DESCRIPTION OF THE TASK:
Please copy out each line of the entries in which "ezdxf" appears.

====== TASK DATA

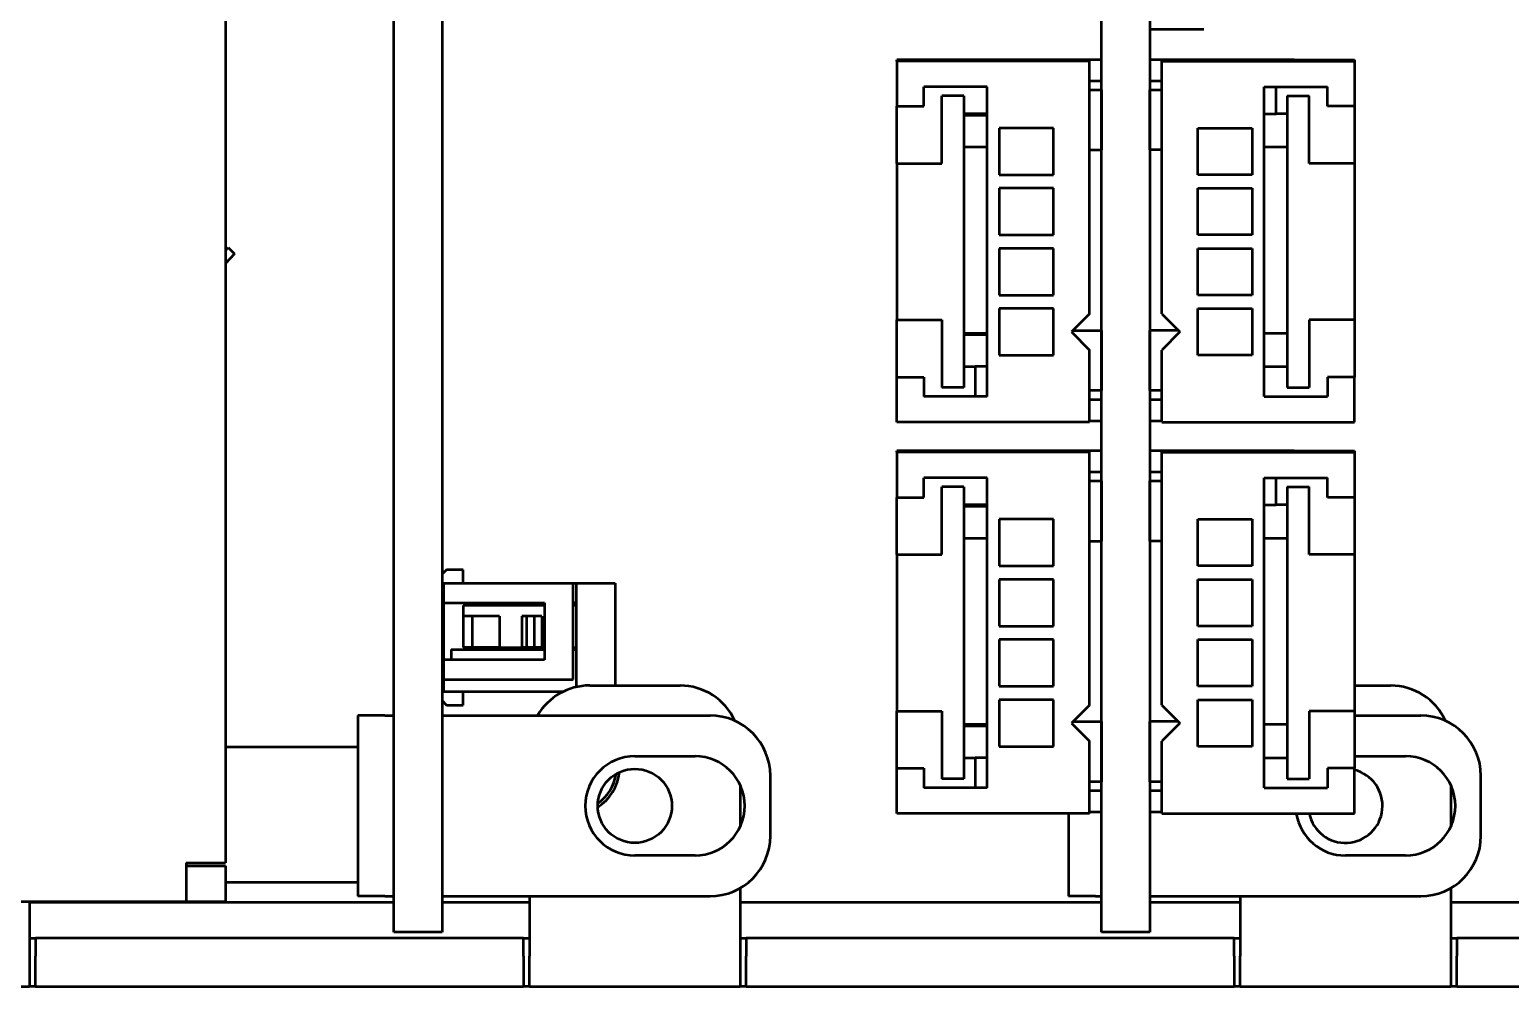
# Model space of a CAD drawing. Header units: millimetres. Extents: x 3137 to 5094, y 789 to 1822.
# Drawn here: x 3382.54 to 3431.72, y 1520.21 to 1552.01 of the extents above; entities that cross this region are included whole.
import ezdxf

# ---------------------------------------------------------------- set-up
doc = ezdxf.new("R2010")
doc.units = ezdxf.units.MM
doc.header["$LTSCALE"] = 1.8
doc.layers.add('외형선(ISO)', color=7, linetype='Continuous', lineweight=50)

msp = doc.modelspace()

# ---------------------------------------------------------------- linework, layer by layer
at = {"layer": '외형선(ISO)'}
for p, q in [((3389.042, 1611.718), (3389.042, 1524.318)), ((3394.642, 1522.011), (3394.642, 1612.011)), ((3396.242, 1612.011), (3396.242, 1522.011)), ((3418.142, 1522.011), (3418.142, 1612.011)), ((3419.742, 1612.011), (3419.742, 1522.011)), ((3421.542, 1552.011), (3419.742, 1552.011)), ((3413.342, 1551.011), (3411.342, 1551.011)), ((3411.342, 1550.961), (3411.342, 1551.011)), ((3417.742, 1550.961), (3411.342, 1550.961)), ((3411.342, 1550.961), (3411.342, 1549.461)), ((3413.342, 1550.961), (3413.342, 1551.011)), ((3416.342, 1551.011), (3413.342, 1551.011)), ((3418.142, 1551.011), (3416.342, 1551.011)), ((3416.342, 1550.961), (3416.342, 1551.011)), ((3417.742, 1542.561), (3417.742, 1550.961)), ((3421.542, 1551.011), (3419.742, 1551.011)), ((3420.142, 1550.961), (3426.542, 1550.961)), ((3420.142, 1542.561), (3420.142, 1550.961)), ((3424.542, 1551.011), (3421.542, 1551.011)), ((3421.542, 1550.961), (3421.542, 1551.011)), ((3424.542, 1551.011), (3426.542, 1551.011)), ((3424.542, 1550.961), (3424.542, 1551.011)), ((3426.542, 1551.011), (3426.542, 1550.961)), ((3426.542, 1550.961), (3426.542, 1549.461)), ((3414.342, 1550.111), (3412.242, 1550.111)), ((3412.242, 1549.461), (3412.242, 1550.111)), ((3414.342, 1539.811), (3414.342, 1550.111)), ((3417.742, 1550.311), (3418.142, 1550.311)), ((3419.742, 1550.311), (3420.142, 1550.311)), ((3423.542, 1539.811), (3423.542, 1550.111)), ((3423.542, 1550.111), (3425.642, 1550.111)), ((3423.942, 1549.211), (3423.942, 1550.111)), ((3425.642, 1549.461), (3425.642, 1550.111)), ((3412.842, 1547.561), (3412.842, 1549.811)), ((3413.572, 1549.811), (3412.842, 1549.811)), ((3413.572, 1549.811), (3413.572, 1540.111)), ((3417.742, 1550.011), (3418.142, 1550.011)), ((3418.142, 1550.011), (3418.142, 1548.011)), ((3419.742, 1548.011), (3419.742, 1550.011)), ((3419.742, 1550.011), (3420.142, 1550.011)), ((3424.312, 1549.811), (3424.312, 1540.111)), ((3424.312, 1549.811), (3425.042, 1549.811)), ((3425.042, 1547.561), (3425.042, 1549.811)), ((3411.342, 1547.561), (3411.342, 1549.461)), ((3411.342, 1549.461), (3412.242, 1549.461)), ((3414.342, 1549.211), (3413.572, 1549.211)), ((3414.342, 1549.161), (3413.572, 1549.161)), ((3423.542, 1549.211), (3423.942, 1549.211)), ((3424.312, 1549.211), (3423.942, 1549.211)), ((3426.542, 1549.461), (3425.642, 1549.461)), ((3426.542, 1549.461), (3426.542, 1547.561)), ((3416.542, 1548.736), (3414.742, 1548.736)), ((3414.742, 1548.736), (3414.742, 1547.186)), ((3416.542, 1547.186), (3416.542, 1548.736)), ((3421.342, 1548.736), (3423.142, 1548.736)), ((3421.342, 1547.186), (3421.342, 1548.736)), ((3423.142, 1548.736), (3423.142, 1547.186)), ((3413.572, 1548.111), (3414.342, 1548.111)), ((3417.742, 1548.011), (3418.142, 1548.011)), ((3420.142, 1548.011), (3419.742, 1548.011)), ((3423.542, 1548.111), (3424.312, 1548.111)), ((3411.342, 1547.561), (3412.842, 1547.561)), ((3411.342, 1547.561), (3411.342, 1542.361)), ((3414.742, 1547.186), (3416.542, 1547.186)), ((3423.142, 1547.186), (3421.342, 1547.186)), ((3426.542, 1547.561), (3425.042, 1547.561)), ((3426.542, 1547.561), (3426.542, 1542.361)), ((3416.542, 1546.736), (3414.742, 1546.736)), ((3414.742, 1546.736), (3414.742, 1545.186)), ((3416.542, 1545.186), (3416.542, 1546.736)), ((3421.342, 1546.736), (3423.142, 1546.736)), ((3421.342, 1545.186), (3421.342, 1546.736)), ((3423.142, 1546.736), (3423.142, 1545.186)), ((3389.042, 1544.666), (3389.132, 1544.764)), ((3389.132, 1544.764), (3389.342, 1544.561)), ((3414.742, 1545.186), (3416.542, 1545.186)), ((3414.742, 1544.736), (3414.742, 1543.186)), ((3416.542, 1544.736), (3414.742, 1544.736)), ((3416.542, 1543.186), (3416.542, 1544.736)), ((3423.142, 1545.186), (3421.342, 1545.186)), ((3421.342, 1543.186), (3421.342, 1544.736)), ((3421.342, 1544.736), (3423.142, 1544.736)), ((3423.142, 1544.736), (3423.142, 1543.186)), ((3389.342, 1544.561), (3389.042, 1544.236)), ((3414.742, 1543.186), (3416.542, 1543.186)), ((3414.742, 1542.736), (3414.742, 1541.186)), ((3416.542, 1542.736), (3414.742, 1542.736)), ((3416.542, 1541.186), (3416.542, 1542.736)), ((3423.142, 1543.186), (3421.342, 1543.186)), ((3421.342, 1541.186), (3421.342, 1542.736)), ((3421.342, 1542.736), (3423.142, 1542.736)), ((3423.142, 1542.736), (3423.142, 1541.186)), ((3411.342, 1540.461), (3411.342, 1542.361)), ((3411.342, 1542.361), (3412.842, 1542.361)), ((3412.842, 1542.361), (3412.842, 1540.111)), ((3417.742, 1542.561), (3417.142, 1541.961)), ((3420.142, 1542.561), (3420.742, 1541.961)), ((3425.042, 1542.361), (3425.042, 1540.111)), ((3426.542, 1542.361), (3425.042, 1542.361)), ((3426.542, 1542.361), (3426.542, 1540.461)), ((3414.342, 1541.911), (3413.572, 1541.911)), ((3414.342, 1541.861), (3413.572, 1541.861)), ((3417.142, 1541.961), (3417.742, 1541.361)), ((3417.192, 1542.011), (3418.142, 1542.011)), ((3418.142, 1542.011), (3418.142, 1540.011)), ((3420.692, 1542.011), (3419.742, 1542.011)), ((3419.742, 1540.011), (3419.742, 1542.011)), ((3420.742, 1541.961), (3420.142, 1541.361)), ((3424.312, 1541.911), (3423.542, 1541.911)), ((3417.742, 1538.961), (3417.742, 1541.361)), ((3420.142, 1538.961), (3420.142, 1541.361)), ((3413.572, 1540.811), (3413.942, 1540.811)), ((3414.342, 1540.811), (3413.942, 1540.811)), ((3413.942, 1540.811), (3413.942, 1539.811)), ((3414.742, 1541.186), (3416.542, 1541.186)), ((3423.142, 1541.186), (3421.342, 1541.186)), ((3423.542, 1540.811), (3424.312, 1540.811)), ((3411.342, 1540.461), (3412.242, 1540.461)), ((3411.342, 1538.961), (3411.342, 1540.461)), ((3412.242, 1540.461), (3412.242, 1539.811)), ((3426.542, 1540.461), (3425.642, 1540.461)), ((3425.642, 1540.461), (3425.642, 1539.811)), ((3426.542, 1538.961), (3426.542, 1540.461)), ((3414.342, 1539.811), (3412.242, 1539.811)), ((3413.572, 1540.111), (3412.842, 1540.111)), ((3418.142, 1540.011), (3417.742, 1540.011)), ((3420.142, 1540.011), (3419.742, 1540.011)), ((3423.542, 1539.811), (3425.642, 1539.811)), ((3424.312, 1540.111), (3425.042, 1540.111)), ((3418.142, 1539.711), (3417.742, 1539.711)), ((3420.142, 1539.711), (3419.742, 1539.711)), ((3417.742, 1538.961), (3411.342, 1538.961)), ((3417.742, 1539.011), (3418.142, 1539.011)), ((3419.742, 1539.011), (3420.142, 1539.011)), ((3420.142, 1538.961), (3426.542, 1538.961)), ((3413.342, 1538.011), (3411.342, 1538.011)), ((3411.342, 1537.961), (3411.342, 1538.011)), ((3417.742, 1537.961), (3411.342, 1537.961)), ((3411.342, 1537.961), (3411.342, 1536.461)), ((3413.342, 1537.961), (3413.342, 1538.011)), ((3416.342, 1538.011), (3413.342, 1538.011)), ((3418.142, 1538.011), (3416.342, 1538.011)), ((3416.342, 1537.961), (3416.342, 1538.011)), ((3417.742, 1529.561), (3417.742, 1537.961)), ((3421.542, 1538.011), (3419.742, 1538.011)), ((3420.142, 1537.961), (3426.542, 1537.961)), ((3420.142, 1529.561), (3420.142, 1537.961)), ((3424.542, 1538.011), (3421.542, 1538.011)), ((3421.542, 1537.961), (3421.542, 1538.011)), ((3424.542, 1538.011), (3426.542, 1538.011)), ((3424.542, 1537.961), (3424.542, 1538.011)), ((3426.542, 1538.011), (3426.542, 1537.961)), ((3426.542, 1537.961), (3426.542, 1536.461)), ((3414.342, 1537.111), (3412.242, 1537.111)), ((3412.242, 1536.461), (3412.242, 1537.111)), ((3414.342, 1526.811), (3414.342, 1537.111)), ((3417.742, 1537.311), (3418.142, 1537.311)), ((3417.742, 1537.011), (3418.142, 1537.011)), ((3418.142, 1537.011), (3418.142, 1535.011)), ((3419.742, 1537.311), (3420.142, 1537.311)), ((3419.742, 1535.011), (3419.742, 1537.011)), ((3419.742, 1537.011), (3420.142, 1537.011)), ((3423.542, 1526.811), (3423.542, 1537.111)), ((3423.542, 1537.111), (3425.642, 1537.111)), ((3423.942, 1536.211), (3423.942, 1537.111)), ((3425.642, 1536.461), (3425.642, 1537.111)), ((3411.342, 1534.561), (3411.342, 1536.461)), ((3411.342, 1536.461), (3412.242, 1536.461)), ((3412.842, 1534.561), (3412.842, 1536.811)), ((3413.572, 1536.811), (3412.842, 1536.811)), ((3413.572, 1536.811), (3413.572, 1527.111)), ((3424.312, 1536.811), (3424.312, 1527.111)), ((3424.312, 1536.811), (3425.042, 1536.811)), ((3425.042, 1534.561), (3425.042, 1536.811)), ((3426.542, 1536.461), (3425.642, 1536.461)), ((3426.542, 1536.461), (3426.542, 1534.561)), ((3414.342, 1536.211), (3413.572, 1536.211)), ((3414.342, 1536.161), (3413.572, 1536.161)), ((3423.542, 1536.211), (3423.942, 1536.211)), ((3424.312, 1536.211), (3423.942, 1536.211)), ((3416.542, 1535.736), (3414.742, 1535.736)), ((3414.742, 1535.736), (3414.742, 1534.186)), ((3416.542, 1534.186), (3416.542, 1535.736)), ((3421.342, 1535.736), (3423.142, 1535.736)), ((3421.342, 1534.186), (3421.342, 1535.736)), ((3423.142, 1535.736), (3423.142, 1534.186)), ((3413.572, 1535.111), (3414.342, 1535.111)), ((3417.742, 1535.011), (3418.142, 1535.011)), ((3420.142, 1535.011), (3419.742, 1535.011)), ((3423.542, 1535.111), (3424.312, 1535.111)), ((3411.342, 1534.561), (3412.842, 1534.561)), ((3411.342, 1534.561), (3411.342, 1529.361)), ((3426.542, 1534.561), (3425.042, 1534.561)), ((3426.542, 1534.561), (3426.542, 1529.361)), ((3396.392, 1534.061), (3396.242, 1533.911)), ((3396.942, 1534.061), (3396.392, 1534.061)), ((3396.942, 1533.611), (3396.942, 1534.061)), ((3414.742, 1534.186), (3416.542, 1534.186)), ((3423.142, 1534.186), (3421.342, 1534.186)), ((3396.292, 1533.611), (3400.592, 1533.611)), ((3396.292, 1533.611), (3396.292, 1532.961)), ((3400.592, 1533.611), (3400.692, 1533.611)), ((3400.592, 1530.411), (3400.592, 1533.611)), ((3400.692, 1533.611), (3400.692, 1530.159)), ((3400.692, 1533.611), (3401.992, 1533.611)), ((3401.992, 1533.611), (3401.992, 1530.211)), ((3416.542, 1533.736), (3414.742, 1533.736)), ((3414.742, 1533.736), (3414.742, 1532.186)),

============

OUTPUT FOR THIS EXERCISE:
import ezdxf
doc = ezdxf.new("R2010")
doc.units = ezdxf.units.MM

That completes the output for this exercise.